→ Exercise
In the records below, find the line with "J3: JTAG; PinHeader_2x07_P2.54mm_Vertical" and the line with "J10: Ref; SMA_Samtec_SMA-J-P-H-ST-EM1_EdgeMount". Print both exactly, along with every line between them, and no other line.

====== Study material ======

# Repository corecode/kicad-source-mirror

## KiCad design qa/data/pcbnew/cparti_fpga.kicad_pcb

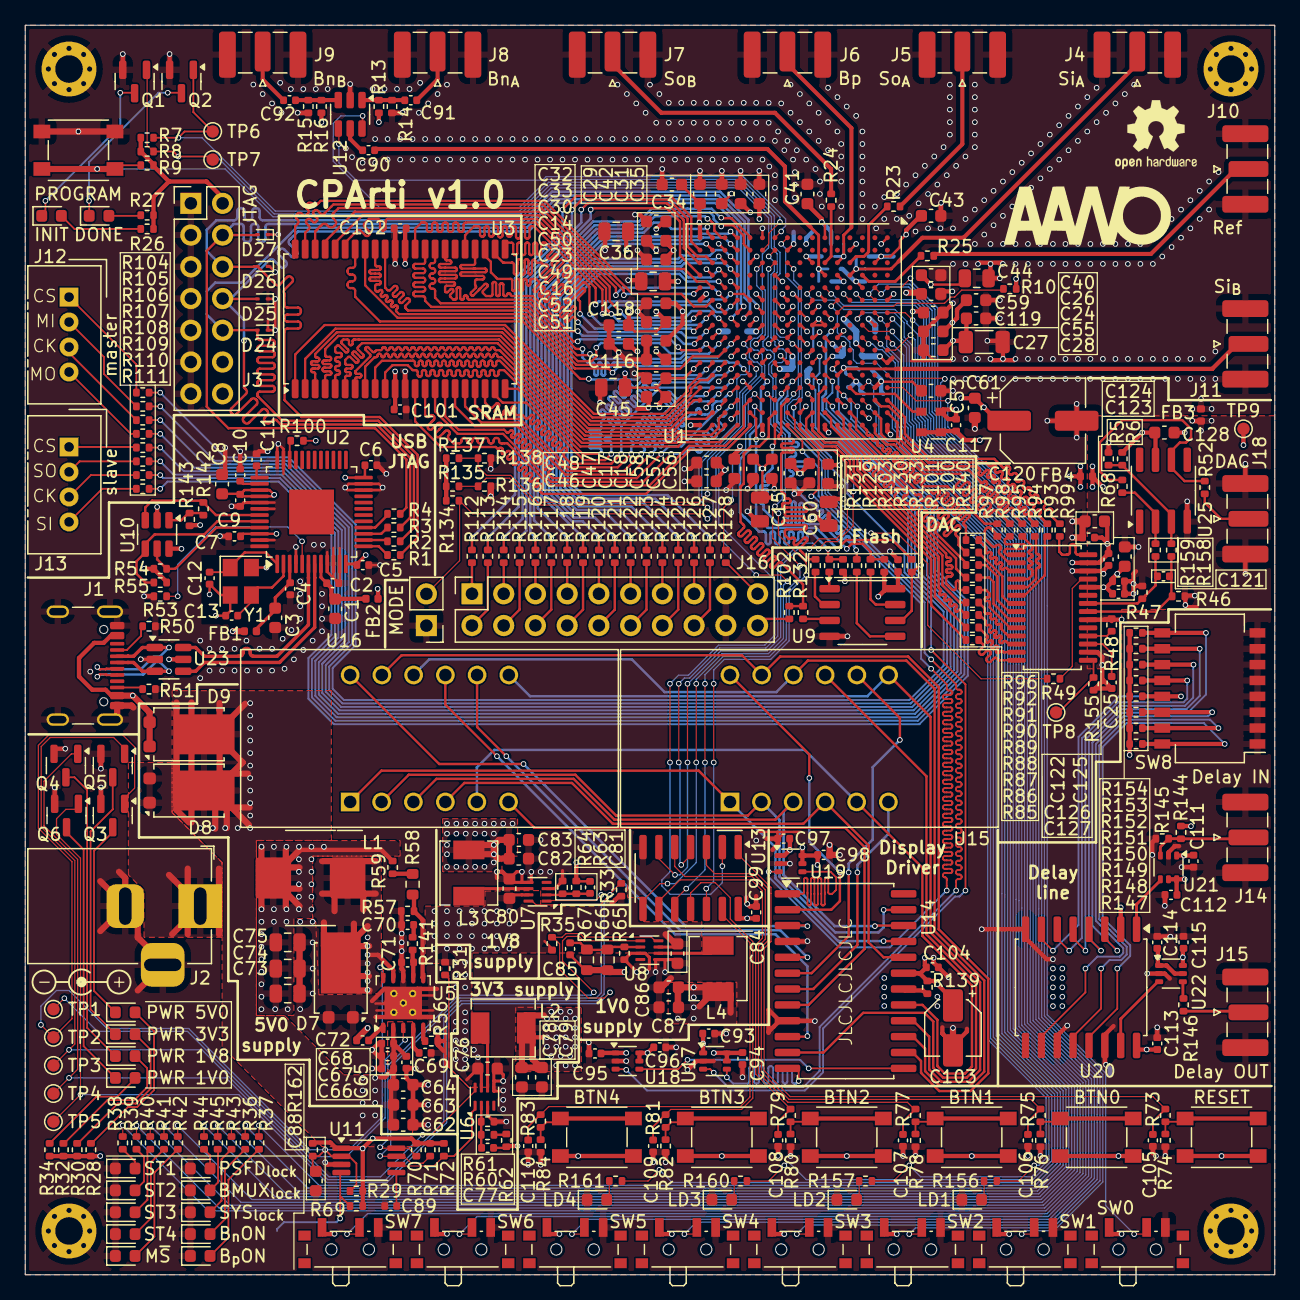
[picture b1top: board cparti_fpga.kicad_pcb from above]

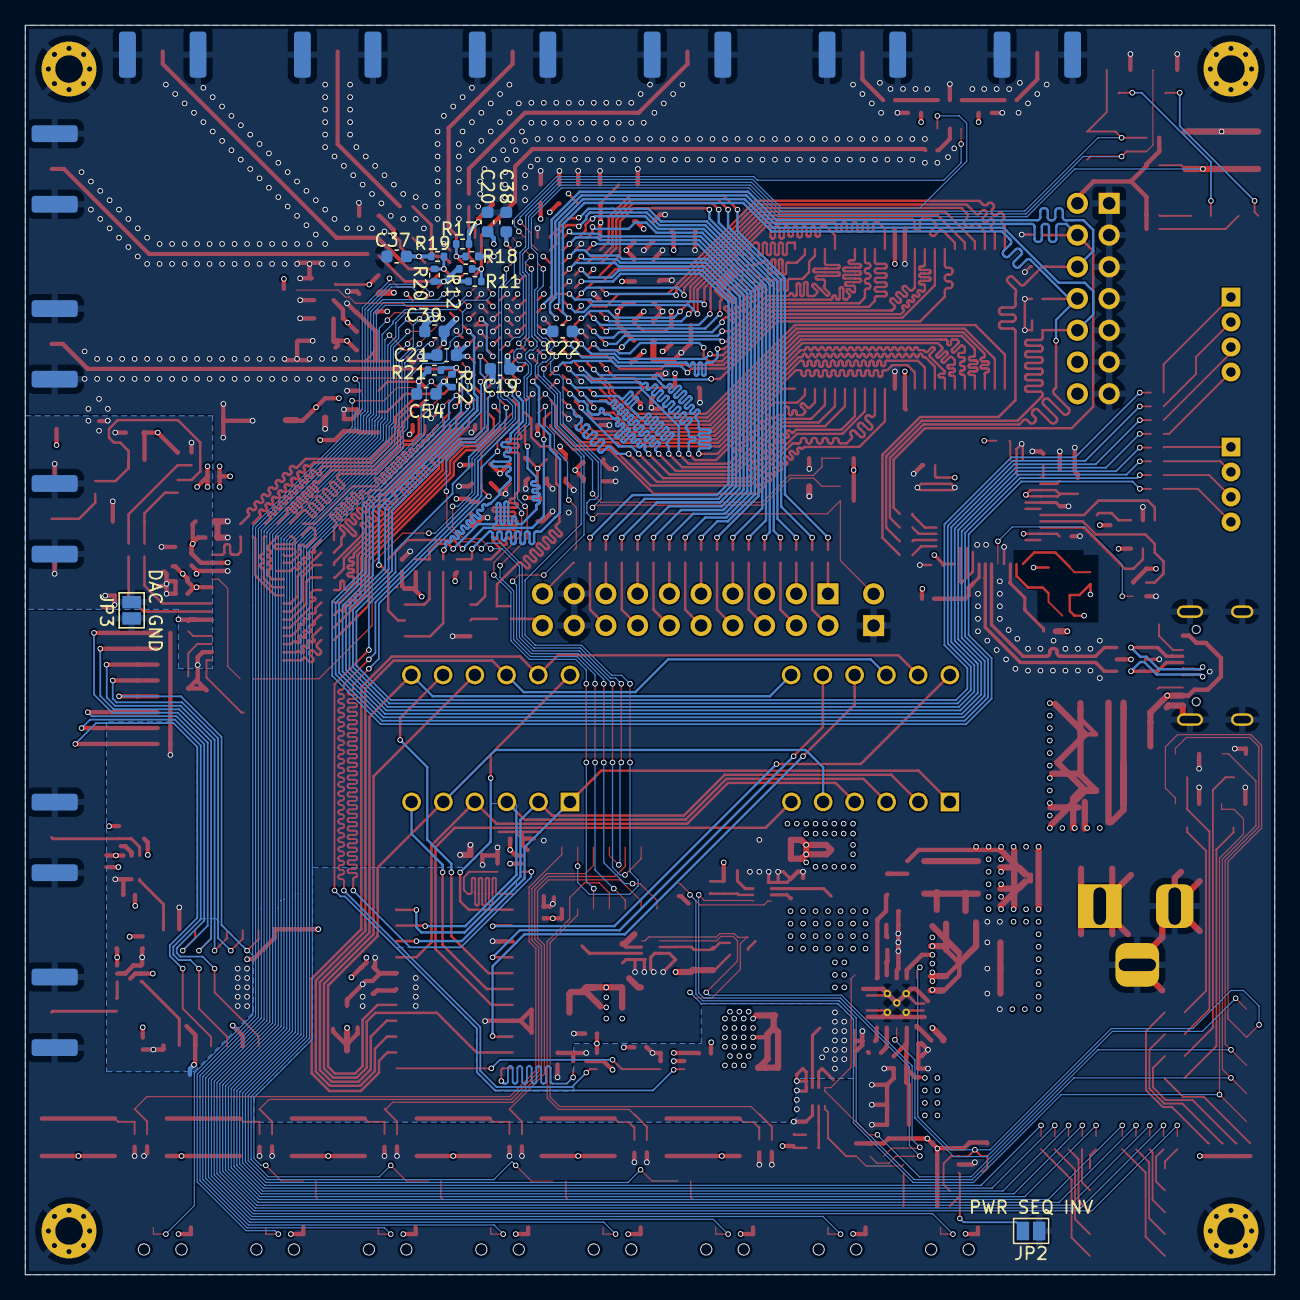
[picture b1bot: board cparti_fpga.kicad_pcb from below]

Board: 4 copper layers, 100.0 x 100.0 mm, 410 parts (18 on the bottom side), 333 nets.

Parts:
BTN0, BTN1, BTN2, BTN3, BTN4: SW_Push; SW_Push_TSC015A035_4.5x4.5mm_H4.5mm
BTN6: RESET; SW_Push_TSC015A035_4.5x4.5mm_H4.5mm
BTN7: PROGRAM; SW_Push_TSC015A035_4.5x4.5mm_H4.5mm
C1, C3, C8, C17, C24, C34, C35, C42, C43, C46, C47, C58, C59, C61, C116, C118: 4.7u; C_0603_1608Metric
C2, C4, C5, C6, C7, C9, C10, C11, C25, C72, C93, C94, C95, C96, C97, C98, C99, C100, C101, C102, C104, C105, C106, C107, C108, C109, C110, C111, C112, C113, C114, C115, C117, C122, C123, C126, C127: 100n; C_0402_1005Metric
C12, C13: 20p; C_0402_1005Metric
C14, C15, C36, C44, C45, C60, C73, C74, C75: 47u; C_0805_2012Metric
C16, C18, C19, C20, C21, C22, C23, C26, C28, C29, C30, C31, C32, C33, C37, C38, C39, C40, C41, C48, C49, C50, C51, C52, C53, C54, C55, C56, C57, C119: 470n; C_0603_1608Metric
C27: 100u; C_1206_3216Metric
C62, C63, C64, C76, C78, C79, C80, C82, C83, C84, C86, C87, C88, C124, C125, C128: 10u; C_0603_1608Metric
C65, C66, C67, C68: 2u2; C_0402_1005Metric
C69, C89, C90, C91, C92: 10n; C_0402_1005Metric
C70: 4n7; C_0402_1005Metric
C71: 47p; C_0402_1005Metric
C77, C81, C85: 120p; C_0402_1005Metric
C103: 10u; CP_Elec_4x5.4
C120: 330u; CP_Elec_6.3x7.7
C121: C_0402_1005Metric
D1: INIT; LED_0603_1608Metric
D2: DONE; LED_0603_1608Metric
D3: PWR 5V0; LED_0603_1608Metric
D4: PWR 3V3; LED_0603_1608Metric
D5: PWR 1V8; LED_0603_1608Metric
D6: PWR 1V0; LED_0603_1608Metric
D7, D8, D9: PDS760; TO-277B
D10: B_{n}ON; LED_0603_1608Metric
D11: B_{p}ON; LED_0603_1608Metric
D12: ST1; LED_0603_1608Metric
D13: ST2; LED_0603_1608Metric
D14: ST3; LED_0603_1608Metric
D15: ST4; LED_0603_1608Metric
D16: M~{S}; LED_0603_1608Metric
D17: SYS_{lock}; LED_0603_1608Metric
D18: PSFD_{lock}; LED_0603_1608Metric
D19: BMUX_{lock}; LED_0603_1608Metric
D20: LD1; LED_0603_1608Metric
D21: LD2; LED_0603_1608Metric
D22: LD3; LED_0603_1608Metric
D23: LD4; LED_0603_1608Metric
D24, D25, D26, D27: ESD9B3.3ST5G; D_SOD-923
FB1, FB2, FB3, FB4: BLM15AG601SN1D; L_0402_1005Metric
H1, H2, H3, H4: MountingHole_Pad; MountingHole_2.2mm_M2_Pad_Via
J1: USB_C_Receptacle_USB2.0_16P; USB_C_Receptacle_GCT_USB4105-xx-A_16P_TopMnt_Horizontal
J2: Barrel_Jack_Switch; BarrelJack_Horizontal
J3: JTAG; PinHeader_2x07_P2.54mm_Vertical
J4: Si_{A}; SMA_Samtec_SMA-J-P-H-ST-EM1_EdgeMount
J5: So_{A}; SMA_Samtec_SMA-J-P-H-ST-EM1_EdgeMount
J6: Bp; SMA_Samtec_SMA-J-P-H-ST-EM1_EdgeMount
J7: So_{B}; SMA_Samtec_SMA-J-P-H-ST-EM1_EdgeMount
J8: Bn_{A}; SMA_Samtec_SMA-J-P-H-ST-EM1_EdgeMount
J9: Bn_{B}; SMA_Samtec_SMA-J-P-H-ST-EM1_EdgeMount
J10: Ref; SMA_Samtec_SMA-J-P-H-ST-EM1_EdgeMount
J11: Si_{B}; SMA_Samtec_SMA-J-P-H-ST-EM1_EdgeMount
J12: master; NS-Tech_Grove_1x04_P2mm_Vertical
J13: slave; NS-Tech_Grove_1x04_P2mm_Vertical
J14: Delay IN; SMA_Samtec_SMA-J-P-H-ST-EM1_EdgeMount
J15: Delay OUT; SMA_Samtec_SMA-J-P-H-ST-EM1_EdgeMount
J16: Conn_02x10_Odd_Even; PinSocket_2x10_P2.54mm_Vertical
J18: DAC; SMA_Samtec_SMA-J-P-H-ST-EM1_EdgeMount
JP1: MODE; PinHeader_1x02_P2.54mm_Vertical
JP2: PWR SEQ INV; SolderJumper-2_P1.3mm_Open_Pad1.0x1.5mm
JP3: DAC GND; SolderJumper-2_P1.3mm_Open_Pad1.0x1.5mm
L1: 6.8uH/6.8A; L_TDK_SPM7054VT
L2, L3, L4: 470nH/7.6A; L_Chilisin_BMRx00040412
NT1, NT2, NT3, NT4: NetTie_2; NetTie-2_SMD_Pad0.2355mm
Q1, Q2, Q3, Q4, Q5, Q6: 2N7002; SOT-23
R1, R2, R3, R4, R49, R85, R86, R87, R88, R89, R90, R91, R92, R93, R94, R95, R96, R97, R98, R99, R104, R105, R106, R107, R108, R109, R110, R111: 22R; R_0402_1005Metric
R5, R6, R26, R27, R28, R30, R32, R34, R59, R128, R134: 1k; R_0402_1005Metric
R7, R36, R37, R38, R39, R40, R41, R42, R43, R44, R45, R156, R157, R160, R161: 330R; R_0402_1005Metric
R8, R9, R10, R103: 4k7; R_0402_1005Metric
R11, R12, R13, R14, R15, R16, R17, R18, R19, R20, R21, R22, R112, R113, R114, R115, R116, R117, R118, R119, R120, R121, R122, R123, R124, R125, R126, R127, R129, R130, R131, R132, R133, R144, R145: 100; R_0402_1005Metric
R23, R24, R25, R52, R135, R136, R137, R138, R146: 0; R_0402_1005Metric
R29, R31, R33, R35, R54, R55, R69, R73, R74, R75, R76, R77, R78, R79, R80, R81, R82, R83, R84, R100, R139, R143, R147, R148, R149, R150, R151, R152, R153, R154, R155: 10k; R_0402_1005Metric
R46, R47: 25R5; R_0402_1005Metric
R48, R101, R102, R142: 2k; R_0402_1005Metric
R50, R51: 5k1; R_0402_1005Metric
R53: 12k/1%; R_0402_1005Metric
R56: 243k; R_0402_1005Metric
R57: 12k; R_0402_1005Metric
R58: 62k; R_0603_1608Metric
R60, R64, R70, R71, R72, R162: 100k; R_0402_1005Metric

======

→ Exercise result
J3: JTAG; PinHeader_2x07_P2.54mm_Vertical
J4: Si_{A}; SMA_Samtec_SMA-J-P-H-ST-EM1_EdgeMount
J5: So_{A}; SMA_Samtec_SMA-J-P-H-ST-EM1_EdgeMount
J6: Bp; SMA_Samtec_SMA-J-P-H-ST-EM1_EdgeMount
J7: So_{B}; SMA_Samtec_SMA-J-P-H-ST-EM1_EdgeMount
J8: Bn_{A}; SMA_Samtec_SMA-J-P-H-ST-EM1_EdgeMount
J9: Bn_{B}; SMA_Samtec_SMA-J-P-H-ST-EM1_EdgeMount
J10: Ref; SMA_Samtec_SMA-J-P-H-ST-EM1_EdgeMount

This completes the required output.